CLARKSVILLE, TN (CLARKSVILLE NOW) – The murder trial for Kenneth Hudspeth, accused of raping and killing 23-year-old Crista Bramlitt in 1996, resumed Wednesday with final testimony.

On Tuesday, the jury heard from experts in DNA analysis and forensics, which ultimately led authorities to identify Hudspeth as the suspect in the case. They also watched the first half of an interview conducted by Clarksville Police Detective Michael Ulrey in April 2019.

On Wednesday, Hudspeth testified that he lied during that interview about having sex with Bramlitt and not remembering events on the night of her death.

Kenneth Hudspeth, left, and Crista Bramlitt.

The rest of the interview

The trial picked up with the remaining minutes of the interview Ulrey conducted with Hudspeth in Phoenix after collecting his DNA in April 2019.

“That looks staged as hell,” Hudspeth could be heard saying to Ulrey after looking at the photo of the way Bramlitt’s body was discovered.

“The evidence speaks for itself. At the end of the day, people lie. Evidence does not,” Ulrey was heard saying to Hudspeth about the DNA evidence allegedly proving that he had sex with Bramlitt.

Hudspeth again denied having sex with her. “Evidence can speak for itself. It don’t speak to me,” Hudspeth responded.

Several minutes later, Hudspeth admitted he had seen information about Bramlitt’s death in the newspaper.

Ulrey placed Hudspeth under arrest and informed him that he would be extradited back to Montgomery County to face the murder charges.

Clarksville Police Detective Michael Ulrey testifies during the Kenneth Hudspeth trial on Sept. 22, 2021 (Keely Quinlan).

Ulrey’s testimony

District Attorney General Robert Nash asked Ulrey about his theory behind who might have been responsible for Bramlitt’s death.

“Whoever had sex with her killed her,” Ulrey responded.

“I was seeing an obvious pattern change as I was showing him the evidence,” Ulrey said, referring to Hudspeth’s claim that he did not had sex with Bramlitt, and that he initially had no idea about a murder before admitting he’d seen it in the paper.

During the course of the interview, Hudspeth said “I don’t remember” close to 100 times, according to Ulrey.

Ulrey then told Nash it made him suspicious that Hudspeth’s memory only blacked out the portion of time of Bramlitt’s rape and murder – not before or after.

The state rested its case, and the defense made a motion for acquittal, calling the state’s case circumstantial, which Nash acknowledged was true.

“We can’t avoid the circumstance of which Bramlitt was found,” Nash said, gesturing towards the way her body was positioned.

Judge Robert E. Lee Davies denied the defense’s motion.

Kenneth Hudspeth testifies while on trial for the death of Crista Bramlitt on Sept. 22, 2021 (Keely Quinlan).

‘Once I told the lie, I stuck with it’

The defense called Hudspeth to testify on his own behalf.

“I was dead tired, I was sleepy,” Hudspeth said about the day of the interview. “I had been up for a day and a half doing maintenance for an apartment.”

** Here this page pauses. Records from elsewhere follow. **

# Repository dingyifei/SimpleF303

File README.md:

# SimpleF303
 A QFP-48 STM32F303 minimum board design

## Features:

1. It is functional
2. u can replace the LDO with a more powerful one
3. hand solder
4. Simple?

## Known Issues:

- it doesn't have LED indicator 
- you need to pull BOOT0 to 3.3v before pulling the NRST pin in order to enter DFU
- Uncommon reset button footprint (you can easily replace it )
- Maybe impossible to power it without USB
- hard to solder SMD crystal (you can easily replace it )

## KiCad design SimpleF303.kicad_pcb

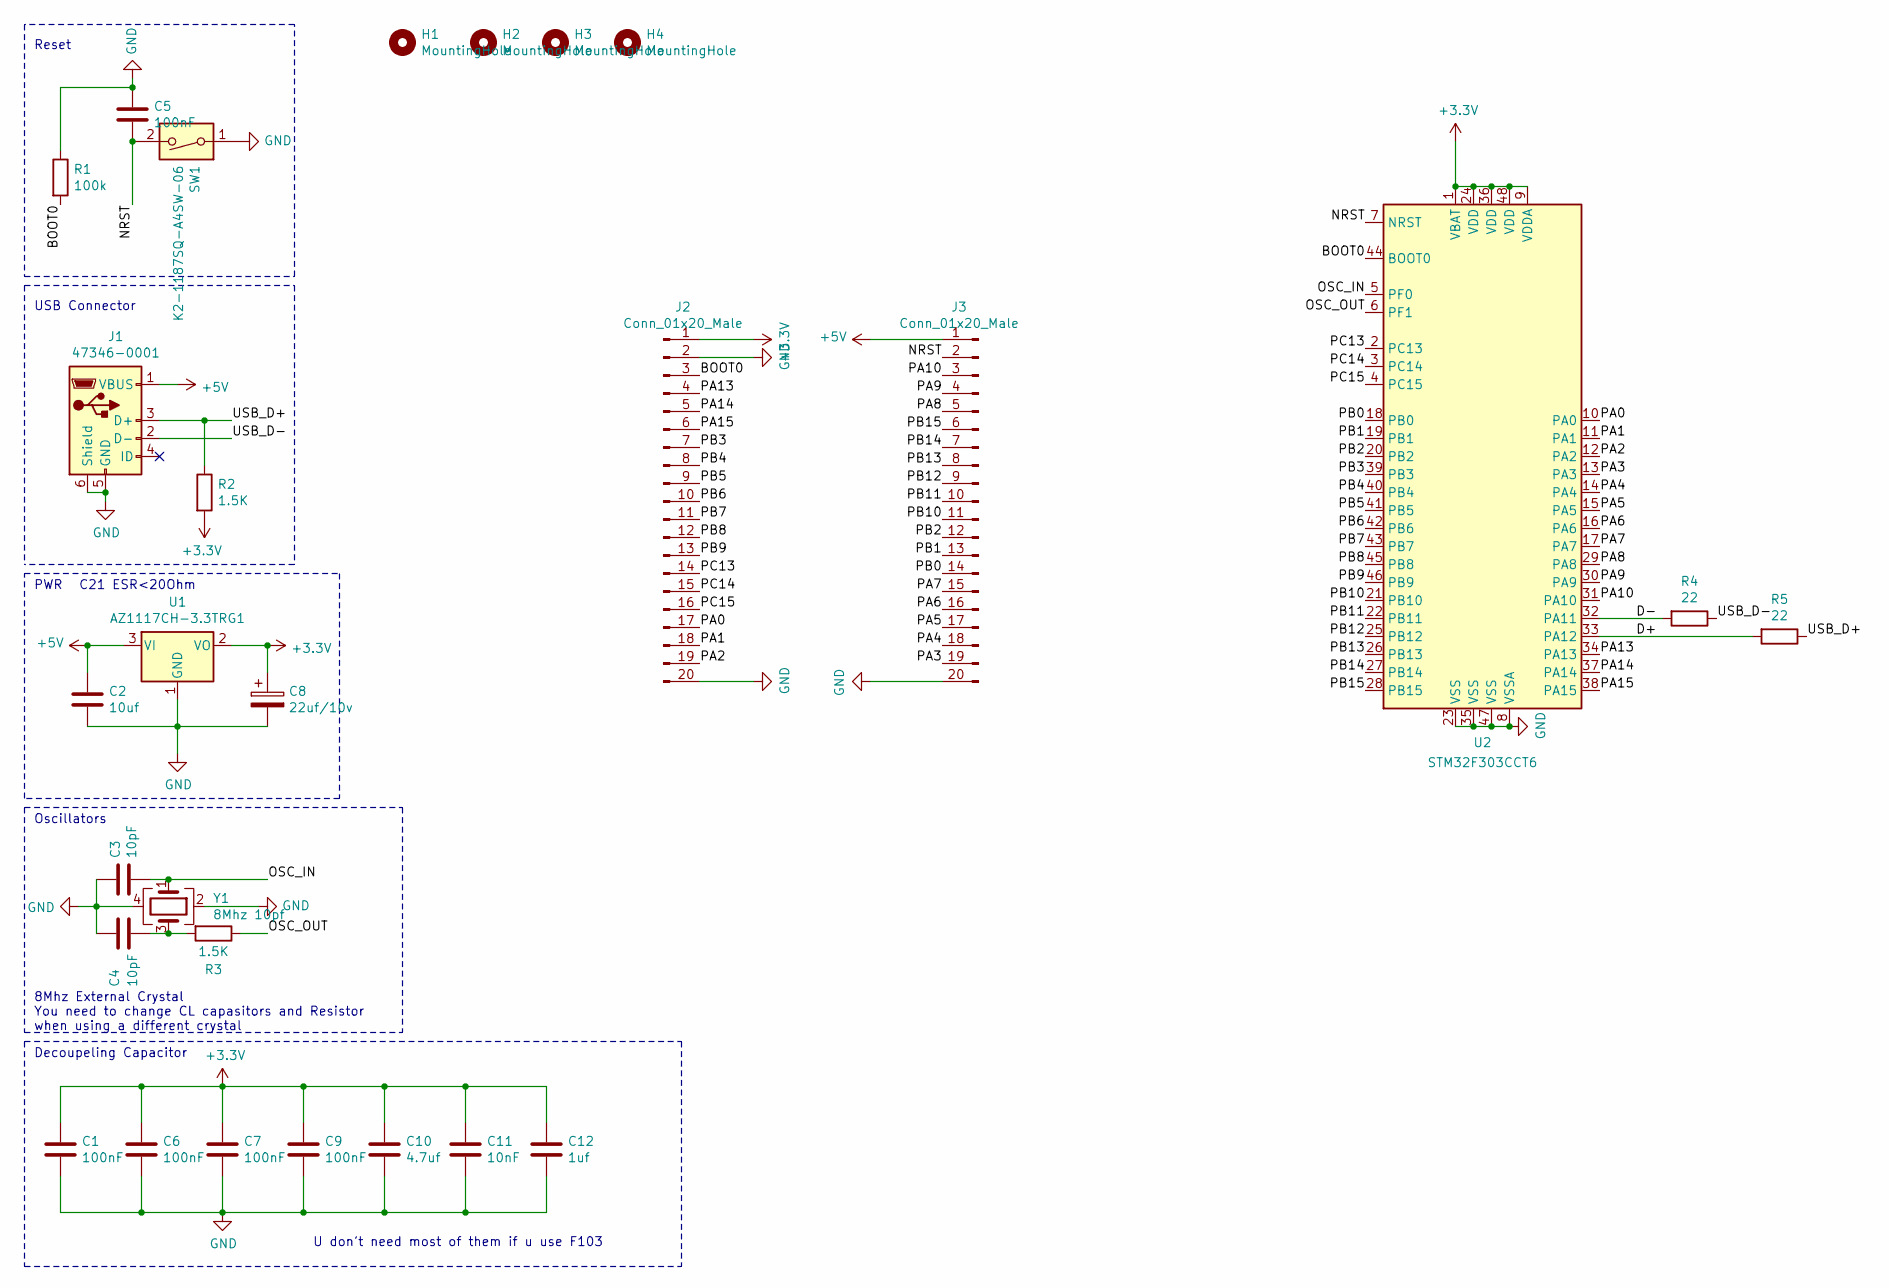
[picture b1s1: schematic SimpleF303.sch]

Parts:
C1, C5, C6, C7, C9: 100nF; C_0603_1608Metric; Part Number 0603B104K160CT; LCSC C80516
C2: 10uf; C_0603_1608Metric; Part Number 0603X106K100NT; LCSC C38898
C3, C4: 10pF; C_0603_1608Metric; Part Number CC0603GRNPO9BN100; LCSC C325468
C8: 22uf/10v; CP_EIA-3216-18_Kemet-A; Part Number TAJA226K010RNJ; LCSC C11366
C10: 4.7uf; C_0603_1608Metric; Part Number CL10A475KA8NQNC; LCSC C69335
C11: 10nF; C_0603_1608Metric; Part Number CL10B103JB8NNNC; LCSC C7248
C12: 1uf; C_0603_1608Metric; Part Number UMK107AB7105KA-T; LCSC C105174
H1, H2, H3, H4: MountingHole; MountingHole_2.1mm
J1: 47346-0001; USB_Micro-B_Molex_47346-0001; Part Number 47346-0001; LCSC C132560
J2, J3: Conn_01x20_Male; PinHeader_1x20_P2.54mm_Vertical; Part Number 2.54mm 1x40P; LCSC C2337
R1: 100k; R_0603_1608Metric; Part Number CR0603FA1003G; LCSC C100703
R2, R3: 1.5K; R_0603_1608Metric; Part Number RTT031501FTP; LCSC C103303
R4, R5: 22; R_0603_1608Metric; Part Number CR0603FA22R0G; LCSC C100876
SW1: K2-1187SQ-A4SW-06; Part Number K2-1187SQ-A4SW-06; LCSC C92584
U1: AZ1117CH-3.3TRG1; SOT-223-3_TabPin2; Part Number AZ1117CH-3.3TRG1; LCSC C92102
U2: STM32F303CCT6; LQFP-48_7x7mm_P0.5mm; Part Number STM32F303CCT6; LCSC C81523
Y1: 8Mhz 10pf; Crystal_SMD_3225-4Pin_3.2x2.5mm; Part Number TAXM8M4RDBCCT2T; LCSC C400090

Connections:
+3V3: C1.1, C6.1, C7.1, C8.1, C9.1, C10.1, C11.1, C12.1, J2.1, R2.2, U1.2 (VO), U2.1 (VBAT), U2.9 (VDDA), U2.24 (VDD), U2.36 (VDD), U2.48 (VDD)
+5V: C2.1, J1.1 (VBUS), J3.1, U1.3 (VI)
/BOOT0: J2.3, R1.2, U2.44 (BOOT0)
/D+: R5.2, U2.33 (PA12)
/D-: R4.2, U2.32 (PA11)
/NRST: C5.2, J3.2, SW1.2, U2.7 (NRST)
/OSC_IN: C3.2, U2.5 (PF0), Y1.1
/OSC_OUT: R3.1, U2.6 (PF1)
/PA0: J2.17, U2.10 (PA0)
/PA1: J2.18, U2.11 (PA1)
/PA2: J2.19, U2.12 (PA2)
/PA3: J3.19, U2.13 (PA3)
/PA4: J3.18, U2.14 (PA4)
/PA5: J3.17, U2.15 (PA5)
/PA6: J3.16, U2.16 (PA6)
/PA7: J3.15, U2.17 (PA7)
/PA8: J3.5, U2.29 (PA8)
/PA9: J3.4, U2.30 (PA9)
/PA10: J3.3, U2.31 (PA10)
/PA13: J2.4, U2.34 (PA13)
/PA14: J2.5, U2.37 (PA14)
/PA15: J2.6, U2.38 (PA15)
/PB0: J3.14, U2.18 (PB0)
/PB1: J3.13, U2.19 (PB1)
/PB2: J3.12, U2.20 (PB2)
/PB3: J2.7, U2.39 (PB3)
/PB4: J2.8, U2.40 (PB4)
/PB5: J2.9, U2.41 (PB5)
/PB6: J2.10, U2.42 (PB6)
/PB7: J2.11, U2.43 (PB7)
/PB8: J2.12, U2.45 (PB8)
/PB9: J2.13, U2.46 (PB9)
/PB10: J3.11, U2.21 (PB10)
/PB11: J3.10, U2.22 (PB11)
/PB12: J3.9, U2.25 (PB12)
/PB13: J3.8, U2.26 (PB13)
/PB14: J3.7, U2.27 (PB14)
/PB15: J3.6, U2.28 (PB15)
/PC13: J2.14, U2.2 (PC13)
/PC14: J2.15, U2.3 (PC14)
/PC15: J2.16, U2.4 (PC15)
/USB_D+: J1.3 (D+), R2.1, R5.1
/USB_D-: J1.2 (D-), R4.1
GND: C1.2, C2.2, C3.1, C4.1, C5.1, C6.2, C7.2, C8.2, C9.2, C10.2, C11.2, C12.2, J1.5 (GND), J1.6 (Shield), J2.2, J2.20, J3.20, R1.1, SW1.1, U1.1 (GND), U2.8 (VSSA), U2.23 (VSS), U2.35 (VSS), U2.47 (VSS), Y1.2, Y1.4
unnamed: C4.2, R3.2, Y1.3

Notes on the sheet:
PWR
C21 ESR<20Ohm
8Mhz External Crystal You need to change CL capasitors and Resistor when using a different crystal
USB Connector
Oscillators
Decoupeling Capacitor
Reset
U don't need most of them if u use F103

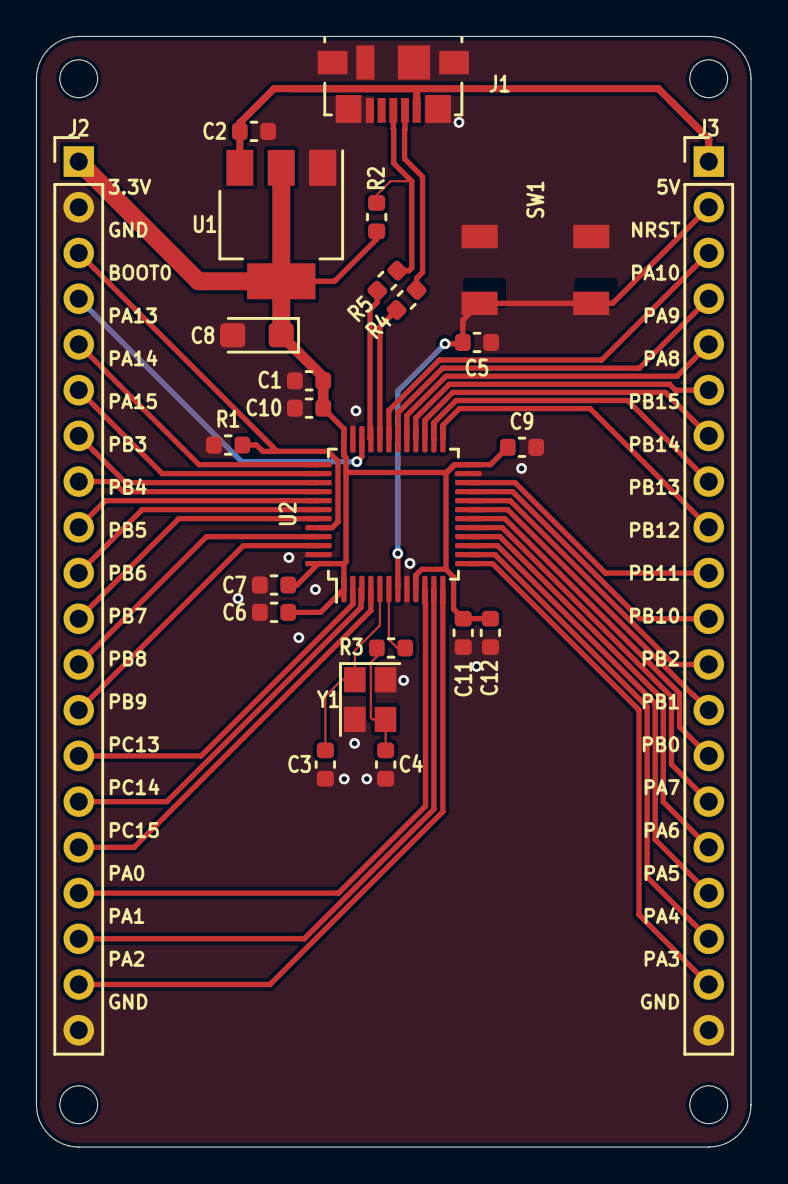
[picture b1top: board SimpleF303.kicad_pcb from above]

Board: 2 copper layers, 39.7 x 61.7 mm, 28 parts (0 on the bottom side), 45 nets.

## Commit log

2020-02-15 I think it will work
2020-02-17 clearly I can't get some parts so I change selection
2020-02-20 small changes
2020-02-21 Appearently buy parts is hard
2020-03-27 update pcb, add BOM, edit readme

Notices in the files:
SimpleF303.kicad_pcb:
MIT License Copyright (c) 2019 Yifei Ding

When police in Phoenix pulled him over, he said he had just taken a Xanax, and he was on his way home to go to sleep.

In the interview room at the Phoenix Police Department, Hudspeth said he was scared and nervous when Ulrey told him he was cold case homicide detective. He then recounted the day of Bramlitt’s murder, and how he ended up in her trailer.

He said he got up early and went to work that day, adding that he returned home around 6:30 p.m., and had $100 to spend.

He began looking for a man in the trailer park he always bought drugs from, and he found him at the back door of Bramlitt’s trailer. He said he was invited in, and he bought $40 worth of crack cocaine.

“I kind of messed with her (Bramlitt) a little bit,” Hudspeth said, adding he was now unsure whether she was also smoking the crack cocaine he had just purchased.

He told her he was going to give her the $60 left over to have sex with her. They had sex, and when they were done, he left, with her still in bed.

He denied raping and killing Bramlitt.

During cross examination, Hudspeth admitted to Nash he lied during the first interview.

“I knew my DNA was inside of her the whole time,” Hudspeth said. “You tell one lie, you have to tell another lie to back it up.” 

“Exactly,” Nash said in response.  

“Once I told the lie, I stuck with it,” Hudspeth continued, adding that he wasn’t thinking rationally because he had been awake for so long and was under the influence of Xanax.  

The trial will resume Thursday with closing arguments.